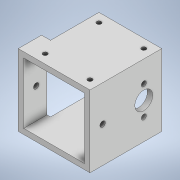
# Autodesk Inventor part: ギヤボックス２右
Saved by Autodesk Inventor 2021.3 (Build 253353000, 353)
## iProperties
Created: 2021-11-06
Part Number: ギヤボックス２右
Material: 一般
Document SubType Name: Modeling
Designer: gilte
Density: 1 g/cm^3
Appearance: 既定
Author: gilte
Autodesk Inventor part; units mm, degrees
ref_plane "YZ Plane" through (0, 0, 0) normal (1, 0, 0) x (0, 1, 0)
ref_plane "XZ Plane" through (0, 0, 0) normal (0, 1, 0) x (-1, 0, 0)
ref_plane "XY Plane" through (0, 0, 0) normal (0, 0, 1) x (1, 0, 0)
sketch "スケッチ1" plane through (0, 0, 0) normal (0, 0, 1) x (1, 0, 0)
  line L0 (0, 0) -> (40, 0)
  line L1 (40, 0) -> (40, 40)
  line L2 (40, 40) -> (0, 40)
  line L3 (0, 40) -> (0, 0)
  dimension "d0" = 40
  dimension "d1" = 40
  constraints: 8 end point, 2 parallel, 1 horizontal, 1 perpendicular
  measures "d0" distance of L2.end L1.end
  measures "d1" distance of L1.end L0.end
extrude "押し出し1" add sketch "スケッチ1" along normal blind 40
shell "シェル1" thickness 3 removed faces 2 at (26.6667, 13.3333, 0) at (26.6667, 13.3333, 40)
sketch "スケッチ2" plane through (0, 0, 0) normal (-1, 0, 0) x (0, 0, 1)
  line L0 (0, 40) -> (0, 0) projected
  line L1 (0, 40) -> (40, 40) projected
  line L2 (0, 0) -> (27, 0)
  line L3 (27, 0) -> (27, 40)
  line L4 (27, 40) -> (0, 40)
  line L5 (0, 40) -> (0, 0)
  dimension "d5" = 27
  constraints: 8 end point, 2 parallel, 1 horizontal, 1 perpendicular, 1 point on line
  measures "d5" distance of L4.end L3.end
extrude "押し出し2" cut sketch "スケッチ2" against normal blind 5
sketch "スケッチ3" plane through (0, 0, 40) normal (-1, 0, 0) x (0, 0, 1)
  circle A0 centre (-7, 20) radius 1.5
  line L0 (0, 40) -> (0, 0) projected
  line L1 (-13, 0) -> (0, 0) projected
  point P0 (-40, 0)
  dimension "d8" = 3
  dimension "d9" = 7
  dimension "d10" = 20
  constraints: 1 centre point
  measures "d8" diameter of A0
  measures "d9" distance from line of L0 A0.centre
  measures "d10" distance from line of L1 A0.centre
hole "穴1" at (0, 20, 33) direction (1, 0, 0) diameter 3 end through all
sketch "スケッチ4" plane through (0, 40, 40) normal (0, 1, 0) x (1, 0, 0)
  line L0 (35, 35) -> (10, 35)
  line L1 (10, 35) -> (10, 5)
  line L2 (10, 5) -> (35, 5)
  line L3 (35, 5) -> (35, 35)
  line L4 (40, 40) -> (5, 40) projected
  line L5 (40, 40) -> (40, 0) projected
  point P0 (0, 40)
  dimension "d18" = 25
  dimension "d19" = 30
  dimension "d20" = 5
  dimension "d21" = 5
  constraints: 8 end point, 2 parallel, 1 horizontal, 1 perpendicular
  measures "d18" distance of L2.end L1.end
  measures "d19" distance of L1.end L0.end
  measures "d20" distance between parallel lines of L4 L0
  measures "d21" distance between parallel lines of L5 L3
hole "穴2" at (10, 40, 5) at (35, 40, 5) at (35, 40, 35) at (10, 40, 35) direction (0, -1, 0) diameter 2.459 depth 3 thread size "M3x0.5" class "6H" standard "ISO Metric profile"
sketch "スケッチ5" plane through (40, 0, 0) normal (1, 0, 0) x (0, 0, -1)
  line L0 (0, 0) -> (-40, 0) projected
  line L1 (0, 0) -> (0, 40) projected
  point P0 (-10, 12)
  point P1 (-10, 28)
  dimension "d29" = 16
  dimension "d32" = 12
  dimension "d33" = 10
  dimension "d34" = 10
  measures "d29" distance of point (-10, 12) point (-10, 28)
  measures "d32" distance from line of L0 point (-10, 12)
  measures "d33" distance from line of L1 point (-10, 12)
  measures "d34" distance from line of L1 point (-10, 28)
hole "穴3" at (40, 28, 10) at (40, 12, 10) direction (-1, 0, 0) diameter 2.8 depth 3
sketch "スケッチ6" plane through (40, 0, 0) normal (1, 0, 0) x (0, 0, -1)
  circle A0 centre (-10, 20) radius 5
  line L0 (0, 0) -> (0, 40) projected
  line L1 (0, 0) -> (-40, 0) projected
  dimension "d42" = 10
  dimension "d43" = 10
  dimension "d44" = 20
  constraints: 1 centre point
  measures "d42" diameter of A0
  measures "d43" distance from line of L0 A0.centre
  measures "d44" distance from line of L1 A0.centre
extrude "押し出し3" cut sketch "スケッチ6" against normal blind 5

======

The answer must consist of every line from the entries that holds the string "depth".

hole "穴2" at (10, 40, 5) at (35, 40, 5) at (35, 40, 35) at (10, 40, 35) direction (0, -1, 0) diameter 2.459 depth 3 thread size "M3x0.5" class "6H" standard "ISO Metric profile"
hole "穴3" at (40, 28, 10) at (40, 12, 10) direction (-1, 0, 0) diameter 2.8 depth 3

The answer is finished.